***** New York Times January 20, 2003
Photographer Captures Towns Where Blacks Found Peace
By MATTHEW MIRAPAUL
In the photograph the church appears almost like an animal shot with a tranquilizer dart. The structure sags, as if on sun-soaked haunches, unable to move from the asphalt veldt. Were it not for the presence of a white van in the foreground, the image might have been captured by a Farm Security Administration photographer roaming the Deep South in the 1930's.
Appearances deceive. The photograph of Mount Moriah Primitive Baptist Church was taken just last year. And although Elsmere, the town in which the church stands, once bore the biscuits-and-gravy name of Eighty Acres, it is in New Jersey and lies not much farther south than Philadelphia. Yet one almost expects to see cotton growing nearby.
The languid image is part of a revealing online exhibition, "Small Towns, Black Lives," created by the New Jersey photographer Wendel A. White. Over the past 13 years Mr. White has been toting his camera through the state's southern reaches, documenting the existence of a handful of small all-black communities that still survive there. In his back road travels, he has also unearthed the rich African-American history of several towns that are now largely populated by whites.
Mr. White's online photographs depict little-known aspects of the nation's past: communities formed by blacks in the 19th and early 20th centuries as havens from racism. Many of these enclaves, where African-Americans could raise families and build careers, were in New Jersey. For Mr. White there has been some urgency to document these insular towns before they change even further or disappear completely. "Even if they don't physically go away, the nature of the communities is disappearing," Mr. White said. "What we're seeing is the last bit of the 19th century."
On Saturday Mr. White, 46, put a newly expanded version of his Web site online at blacktowns.org. The timing coincides with the opening of his photography exhibition, also called "Small Towns, Black Lives," at the Noyes Museum of Art in Oceanville, N.J. The exhibition runs through April 27.
In the museum's galleries of course the black-and-white images are larger and more detailed than when viewed on a computer screen. But it is on the Internet that Mr. White's project leaps to life. He has augmented its 50 images with digital reproductions of historical materials like a real estate map from 1872, and he has bolstered the site with evocative audio and video clips and 360-degree panoramic photographs.

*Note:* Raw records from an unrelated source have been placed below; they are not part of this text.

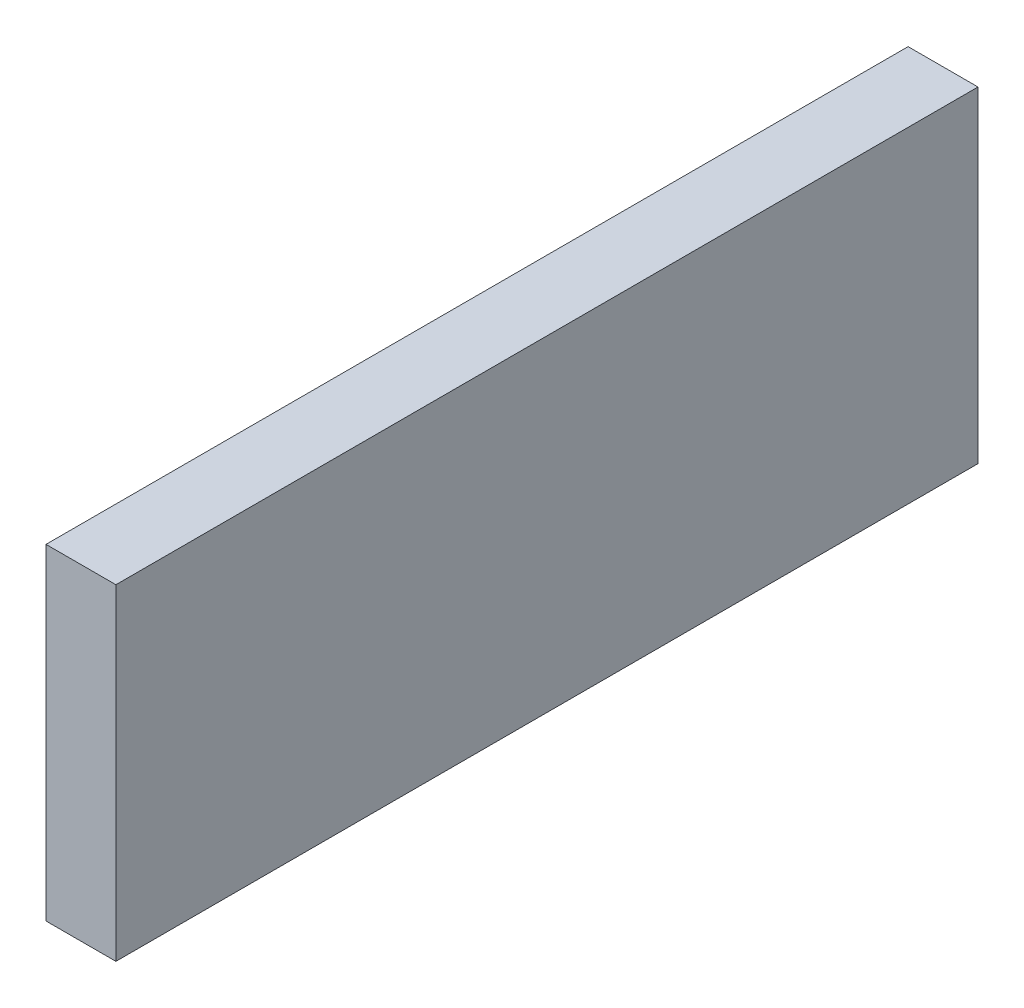
from build123d import *

# Parameters (mm, degrees)
SKETCH1_W           = 3
SKETCH1_H           = 37
BOSS_EXTRUDE1_DEPTH = 14


with BuildPart() as part:
    # Sketch1 → Boss-Extrude1 (new body)
    with BuildSketch(Plane(origin=(0, 0, 0), x_dir=(1, 0, 0), z_dir=(0, 1, 0))):
        with Locations((1.5, 18.5)):
            Rectangle(SKETCH1_W, SKETCH1_H)
    extrude(amount=BOSS_EXTRUDE1_DEPTH)


solid = part.part
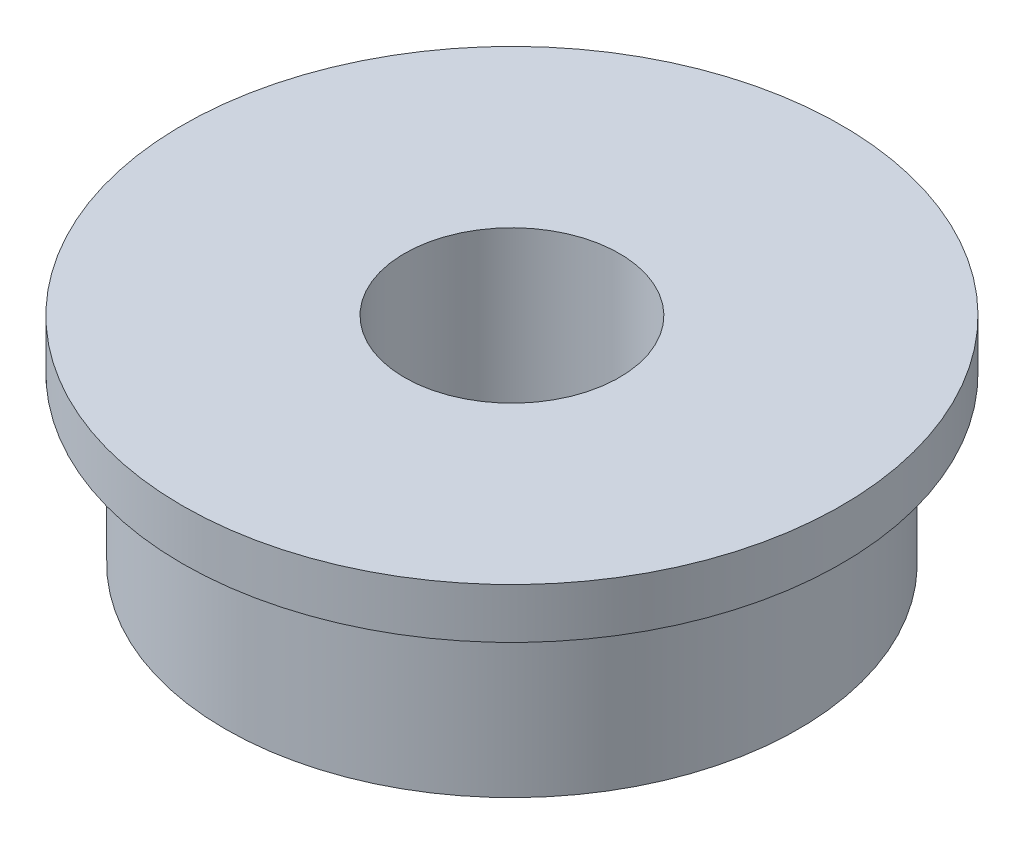
from build123d import *


with BuildPart() as part:
    # 草图2 → 旋转1 (revolve)
    with BuildSketch(Plane.XY, mode=Mode.PRIVATE) as revolve_1_sk:
        Polygon((1.5, 6.942132084), (4.6, 6.942132084), (4.6, 6.242132084), (4, 6.242132084), (4, 3.942132084), (1.5, 3.942132084), align=None)
    revolve(revolve_1_sk.sketch.rotate(Axis((0, 8.324154556, 0), (0, -1, 0)), 90), axis=Axis((0, 8.324154556, 0), (0, -1, 0)))


solid = part.part
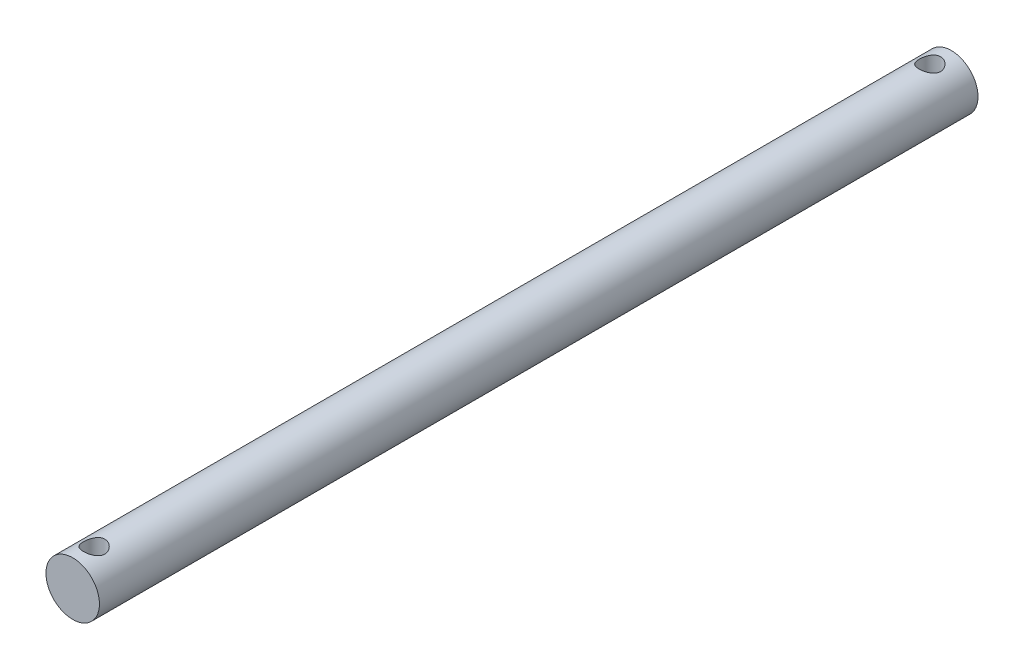
from build123d import *

# Parameters (mm, degrees)
CROQUIS1_R                 = 3.9624
SALIENTE_EXTRUIR1_DEPTH    = 130.175
CORTAR_EXTRUIR1_DEPTH      = 131.295555767
CORTAR_EXTRUIR1_DEPTH_BACK = 131.295555767
CROQUIS2_R                 = 1.5875


with BuildPart() as part:
    # Croquis1 → Saliente-Extruir1 (new body)
    with BuildSketch(Plane.XY):
        Circle(CROQUIS1_R)
    extrude(amount=SALIENTE_EXTRUIR1_DEPTH)

    # Croquis2 → Cortar-Extruir1 (cut, two sides: drawn at the far end of the back side and taken through both)
    with BuildSketch(Plane(origin=(0, 0, 0), x_dir=(1, 0, 0), z_dir=(0, 1, 0)).offset(-CORTAR_EXTRUIR1_DEPTH_BACK)):
        with Locations(Location((0, -127, 0), (0, 0, 270))):
            Circle(CROQUIS2_R)
        with Locations(Location((0, -3.175, 0), (0, 0, 270))):
            Circle(CROQUIS2_R)
    extrude(amount=CORTAR_EXTRUIR1_DEPTH + CORTAR_EXTRUIR1_DEPTH_BACK, mode=Mode.SUBTRACT)


solid = part.part
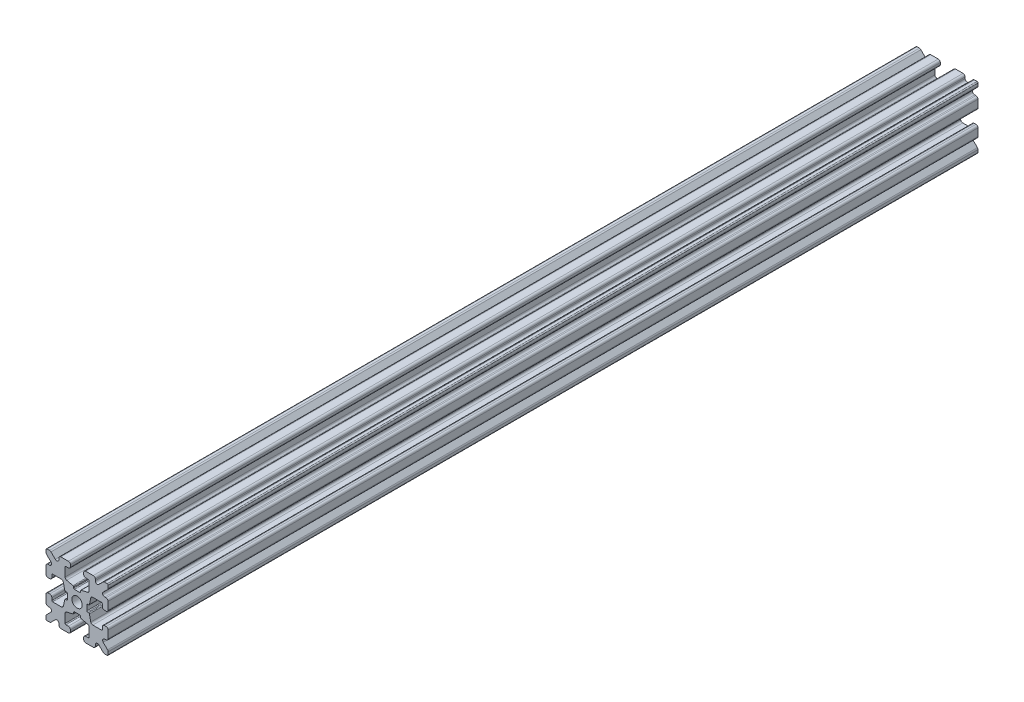
from build123d import *

# Parameters (mm, degrees)
SKETCH1_R           = 1.25
BOSS_EXTRUDE1_DEPTH = 210


with BuildPart() as part:
    # Sketch1 → Boss-Extrude1 (new body)
    with BuildSketch(Plane.XY.offset(150)):
        with BuildLine():
            Line((0.981757709, -2.970049142), (2.509355729, -3.312441801))
            ThreePointArc((2.509355729, -3.312441801), (2.790306204, -3.487828881), (2.900000001, -3.80033659))
            Line((2.900000001, -3.80033659), (2.900000001, -5.9))
            ThreePointArc((2.900000001, -5.9), (2.841421357, -6.041421356), (2.700000001, -6.1))
            Line((2.700000001, -6.1), (2.1, -6.1))
            ThreePointArc((2.1, -6.1), (1.746446609, -6.246446609), (1.6, -6.6))
            Line((1.6, -6.6), (1.6, -7))
            ThreePointArc((1.6, -7), (1.746446609, -7.353553391), (2.1, -7.5))
            Line((2.1, -7.5), (3.9, -7.5))
            ThreePointArc((3.9, -7.5), (4.253553391, -7.353553391), (4.4, -7))
            Line((4.4, -7), (4.4, -6.667766953))
            ThreePointArc((4.4, -6.667766953), (4.708658284, -6.205827187), (5.253553391, -6.314213563))
            Line((5.253553391, -6.314213563), (6.292893218, -7.353553391))
            ThreePointArc((6.292893218, -7.353553391), (6.455104893, -7.461939766), (6.646446609, -7.5))
            Line((6.646446609, -7.5), (7.25, -7.5))
            ThreePointArc((7.25, -7.5), (7.426776695, -7.426776695), (7.5, -7.25))
            Line((7.5, -7.25), (7.5, -6.646446609))
            ThreePointArc((7.5, -6.646446609), (7.461939766, -6.455104893), (7.353553391, -6.292893218))
            Line((7.353553391, -6.292893218), (6.314213563, -5.253553391))
            ThreePointArc((6.314213563, -5.253553391), (6.205827187, -4.708658284), (6.667766953, -4.4))
            Line((6.667766953, -4.4), (7, -4.4))
            ThreePointArc((7, -4.4), (7.353553391, -4.253553391), (7.5, -3.9))
            Line((7.5, -3.9), (7.5, -2.1))
            ThreePointArc((7.5, -2.1), (7.353553391, -1.746446609), (7, -1.6))
            Line((7, -1.6), (6.6, -1.6))
            ThreePointArc((6.6, -1.6), (6.246446609, -1.746446609), (6.1, -2.1))
            Line((6.1, -2.1), (6.1, -2.7))
            ThreePointArc((6.1, -2.7), (6.041421356, -2.841421356), (5.9, -2.9))
            Line((5.9, -2.9), (3.800336589, -2.9))
            ThreePointArc((3.800336589, -2.9), (3.487828881, -2.790306203), (3.312441801, -2.509355728))
            Line((3.312441801, -2.509355728), (2.970049141, -0.981757708))
            ThreePointArc((2.970049141, -0.981757708), (2.899894309, -0.869377518), (2.774891226, -0.8255))
            Line((2.774891226, -0.8255), (2.5470646, -0.8255))
            ThreePointArc((2.5470646, -0.8255), (2.405643243, -0.766921356), (2.3470646, -0.6255))
            Line((2.3470646, -0.6255), (2.3470646, 0.6255))
            ThreePointArc((2.3470646, 0.6255), (2.405643243, 0.766921356), (2.5470646, 0.8255))
            Line((2.5470646, 0.8255), (2.774891226, 0.8255))
            ThreePointArc((2.774891226, 0.8255), (2.899894309, 0.869377518), (2.970049141, 0.981757708))
            Line((2.970049141, 0.981757708), (3.312441801, 2.509355728))
            ThreePointArc((3.312441801, 2.509355728), (3.487828881, 2.790306203), (3.800336589, 2.9))
            Line((3.800336589, 2.9), (5.9, 2.9))
            ThreePointArc((5.9, 2.9), (6.041421356, 2.841421356), (6.1, 2.7))
            Line((6.1, 2.7), (6.1, 2.1))
            ThreePointArc((6.1, 2.1), (6.246446609, 1.746446609), (6.6, 1.6))
            Line((6.6, 1.6), (7, 1.6))
            ThreePointArc((7, 1.6), (7.353553391, 1.746446609), (7.5, 2.1))
            Line((7.5, 2.1), (7.5, 3.9))
            ThreePointArc((7.5, 3.9), (7.353553391, 4.253553391), (7, 4.4))
            Line((7, 4.4), (6.667766953, 4.4))
            ThreePointArc((6.667766953, 4.4), (6.205827187, 4.708658284), (6.314213563, 5.253553391))
            Line((6.314213563, 5.253553391), (7.353553391, 6.292893218))
            ThreePointArc((7.353553391, 6.292893218), (7.461939766, 6.455104893), (7.5, 6.646446609))
            Line((7.5, 6.646446609), (7.5, 7.25))
            ThreePointArc((7.5, 7.25), (7.426776695, 7.426776695), (7.25, 7.5))
            Line((7.25, 7.5), (6.646446609, 7.5))
            ThreePointArc((6.646446609, 7.5), (6.455104893, 7.461939766), (6.292893218, 7.353553391))
            Line((6.292893218, 7.353553391), (5.253553391, 6.314213563))
            ThreePointArc((5.253553391, 6.314213563), (4.708658284, 6.205827187), (4.4, 6.667766954))
            Line((4.4, 6.667766954), (4.4, 7))
            ThreePointArc((4.4, 7), (4.253553391, 7.353553391), (3.9, 7.5))
            Line((3.9, 7.5), (2.1, 7.5))
            ThreePointArc((2.1, 7.5), (1.746446609, 7.353553391), (1.6, 7))
            Line((1.6, 7), (1.6, 6.6))
            ThreePointArc((1.6, 6.6), (1.746446609, 6.246446609), (2.1, 6.1))
            Line((2.1, 6.1), (2.700000001, 6.1))
            ThreePointArc((2.700000001, 6.1), (2.841421357, 6.041421356), (2.900000001, 5.9))
            Line((2.900000001, 5.9), (2.900000001, 3.800336589))
            ThreePointArc((2.900000001, 3.800336589), (2.790306204, 3.487828881), (2.509355729, 3.312441801))
            Line((2.509355729, 3.312441801), (0.981757709, 2.970049141))
            ThreePointArc((0.981757709, 2.970049141), (0.869377519, 2.899894309), (0.8255, 2.774891226))
            Line((0.8255, 2.774891226), (0.8255, 2.5470646))
            ThreePointArc((0.8255, 2.5470646), (0.766921357, 2.405643243), (0.6255, 2.3470646))
            Line((0.6255, 2.3470646), (-0.6255, 2.3470646))
            ThreePointArc((-0.6255, 2.3470646), (-0.766921356, 2.405643243), (-0.8255, 2.5470646))
            Line((-0.8255, 2.5470646), (-0.8255, 2.774891226))
            ThreePointArc((-0.8255, 2.774891226), (-0.869377518, 2.89989431), (-0.981757708, 2.970049142))
            Line((-0.981757708, 2.970049142), (-2.509355728, 3.312441801))
            ThreePointArc((-2.509355728, 3.312441801), (-2.790306203, 3.487828881), (-2.9, 3.80033659))
            Line((-2.9, 3.80033659), (-2.9, 5.9))
            ThreePointArc((-2.9, 5.9), (-2.841421356, 6.041421356), (-2.7, 6.1))
            Line((-2.7, 6.1), (-2.1, 6.1))
            ThreePointArc((-2.1, 6.1), (-1.746446609, 6.246446609), (-1.6, 6.6))
            Line((-1.6, 6.6), (-1.6, 7))
            ThreePointArc((-1.6, 7), (-1.746446609, 7.353553391), (-2.1, 7.5))
            Line((-2.1, 7.5), (-3.9, 7.5))
            ThreePointArc((-3.9, 7.5), (-4.25355339, 7.353553391), (-4.4, 7))
            Line((-4.4, 7), (-4.4, 6.667766953))
            ThreePointArc((-4.4, 6.667766953), (-4.708658283, 6.205827187), (-5.25355339, 6.314213563))
            Line((-5.25355339, 6.314213563), (-6.292893218, 7.353553391))
            ThreePointArc((-6.292893218, 7.353553391), (-6.455104893, 7.461939766), (-6.646446609, 7.5))
            Line((-6.646446609, 7.5), (-7.25, 7.5))
            ThreePointArc((-7.25, 7.5), (-7.426776695, 7.426776695), (-7.5, 7.25))
            Line((-7.5, 7.25), (-7.5, 6.646446609))
            ThreePointArc((-7.5, 6.646446609), (-7.461939766, 6.455104893), (-7.353553391, 6.292893218))
            Line((-7.353553391, 6.292893218), (-6.314213563, 5.253553391))
            ThreePointArc((-6.314213563, 5.253553391), (-6.205827187, 4.708658284), (-6.667766953, 4.4))
            Line((-6.667766953, 4.4), (-7, 4.4))
            ThreePointArc((-7, 4.4), (-7.353553391, 4.253553391), (-7.5, 3.9))
            Line((-7.5, 3.9), (-7.5, 2.1))
            ThreePointArc((-7.5, 2.1), (-7.353553391, 1.746446609), (-7, 1.6))
            Line((-7, 1.6), (-6.6, 1.6))
            ThreePointArc((-6.6, 1.6), (-6.246446609, 1.746446609), (-6.1, 2.1))
            Line((-6.1, 2.1), (-6.1, 2.7))
            ThreePointArc((-6.1, 2.7), (-6.041421356, 2.841421356), (-5.9, 2.9))
            Line((-5.9, 2.9), (-3.80033659, 2.9))
            ThreePointArc((-3.80033659, 2.9), (-3.487828881, 2.790306203), (-3.312441801, 2.509355728))
            Line((-3.312441801, 2.509355728), (-2.970049142, 0.981757708))
            ThreePointArc((-2.970049142, 0.981757708), (-2.89989431, 0.869377518), (-2.774891226, 0.8255))
            Line((-2.774891226, 0.8255), (-2.5470646, 0.8255))
            ThreePointArc((-2.5470646, 0.8255), (-2.405643244, 0.766921356), (-2.3470646, 0.6255))
            Line((-2.3470646, 0.6255), (-2.3470646, -0.6255))
            ThreePointArc((-2.3470646, -0.6255), (-2.405643244, -0.766921356), (-2.5470646, -0.8255))
            Line((-2.5470646, -0.8255), (-2.774891226, -0.8255))
            ThreePointArc((-2.774891226, -0.8255), (-2.89989431, -0.869377518), (-2.970049142, -0.981757708))
            Line((-2.970049142, -0.981757708), (-3.312441801, -2.509355728))
            ThreePointArc((-3.312441801, -2.509355728), (-3.487828881, -2.790306203), (-3.80033659, -2.9))
            Line((-3.80033659, -2.9), (-5.9, -2.9))
            ThreePointArc((-5.9, -2.9), (-6.041421356, -2.841421356), (-6.1, -2.7))
            Line((-6.1, -2.7), (-6.1, -2.1))
            ThreePointArc((-6.1, -2.1), (-6.246446609, -1.746446609), (-6.6, -1.6))
            Line((-6.6, -1.6), (-7, -1.6))
            ThreePointArc((-7, -1.6), (-7.353553391, -1.746446609), (-7.5, -2.1))
            Line((-7.5, -2.1), (-7.5, -3.9))
            ThreePointArc((-7.5, -3.9), (-7.353553391, -4.253553391), (-7, -4.4))
            Line((-7, -4.4), (-6.667766953, -4.4))
            ThreePointArc((-6.667766953, -4.4), (-6.205827187, -4.708658284), (-6.314213563, -5.253553391))
            Line((-6.314213563, -5.253553391), (-7.353553391, -6.292893218))
            ThreePointArc((-7.353553391, -6.292893218), (-7.461939766, -6.455104893), (-7.5, -6.646446609))
            Line((-7.5, -6.646446609), (-7.5, -7.25))
            ThreePointArc((-7.5, -7.25), (-7.426776695, -7.426776695), (-7.25, -7.5))
            Line((-7.25, -7.5), (-6.646446609, -7.5))
            ThreePointArc((-6.646446609, -7.5), (-6.455104893, -7.461939766), (-6.292893218, -7.353553391))
            Line((-6.292893218, -7.353553391), (-5.25355339, -6.314213563))
            ThreePointArc((-5.25355339, -6.314213563), (-4.708658284, -6.205827187), (-4.4, -6.667766953))
            Line((-4.4, -6.667766953), (-4.4, -7))
            ThreePointArc((-4.4, -7), (-4.25355339, -7.353553391), (-3.9, -7.5))
            Line((-3.9, -7.5), (-2.1, -7.5))
            ThreePointArc((-2.1, -7.5), (-1.746446609, -7.353553391), (-1.6, -7))
            Line((-1.6, -7), (-1.6, -6.6))
            ThreePointArc((-1.6, -6.6), (-1.746446609, -6.246446609), (-2.1, -6.1))
            Line((-2.1, -6.1), (-2.7, -6.1))
            ThreePointArc((-2.7, -6.1), (-2.841421356, -6.041421356), (-2.9, -5.9))
            Line((-2.9, -5.9), (-2.9, -3.80033659))
            ThreePointArc((-2.9, -3.80033659), (-2.790306203, -3.487828881), (-2.509355728, -3.312441801))
            Line((-2.509355728, -3.312441801), (-0.981757708, -2.970049142))
            ThreePointArc((-0.981757708, -2.970049142), (-0.869377518, -2.89989431), (-0.8255, -2.774891226))
            Line((-0.8255, -2.774891226), (-0.8255, -2.5470646))
            ThreePointArc((-0.8255, -2.5470646), (-0.766921356, -2.405643244), (-0.6255, -2.3470646))
            Line((-0.6255, -2.3470646), (0.6255, -2.3470646))
            ThreePointArc((0.6255, -2.3470646), (0.766921357, -2.405643244), (0.8255, -2.5470646))
            Line((0.8255, -2.5470646), (0.8255, -2.774891226))
            ThreePointArc((0.8255, -2.774891226), (0.869377519, -2.89989431), (0.981757709, -2.970049142))
        make_face()
        with Locations(Location((0, 0, 0), (0, 0, 180))):
            Circle(SKETCH1_R, mode=Mode.SUBTRACT)
    extrude(amount=-BOSS_EXTRUDE1_DEPTH)


solid = part.part

For instance, one video, filmed in 2000 during the rededication ceremony for a Civil War veterans cemetery, shows black men in Union uniforms marching through a town. The collision of past and present is startling. Elsewhere a photographic portrait of the storyteller Michelle Washington Wilson, sitting amid the ruins of her childhood home, is accompanied by an amusing audio clip that softens the sad scene. In a delighted voice, she recalls how a Halloween visit to a mean neighbor's house quickly became a disaster. Exit, pursued by a hog.
The panoramic photographs, which let a viewer make a complete circular turn within an online image, are most effective in conveying a sense of place. One taken in the former African-American resort community of Morris Beach, N.J., focuses on a desolate intersection where the only traffic is a lone chicken.
For Mr. White incorporating these multimedia elements into his site was a natural step. He began to visit the towns in the late 80's. The residents would often share their stories and family artifacts with him. Just as he was seeking ways to illuminate his images with their mementos, the Web arrived. He created a site for the Civil War cemetery in 1995, followed by an early version of the Black Towns site in 1999....
What Mr. White is doing as an artist is rooted in what Walker Evans, Dorothea Lange and other Farm Security Administration photographers were doing from 1935 to 1945: turning documentary photography into a fine art. And his starkly lighted landscapes, building exteriors and workers remind one of those taken in the rural South by those earlier photographers. (The Library of Congress has put those images online at memory.loc.gov/ammem/fsowhome.html.)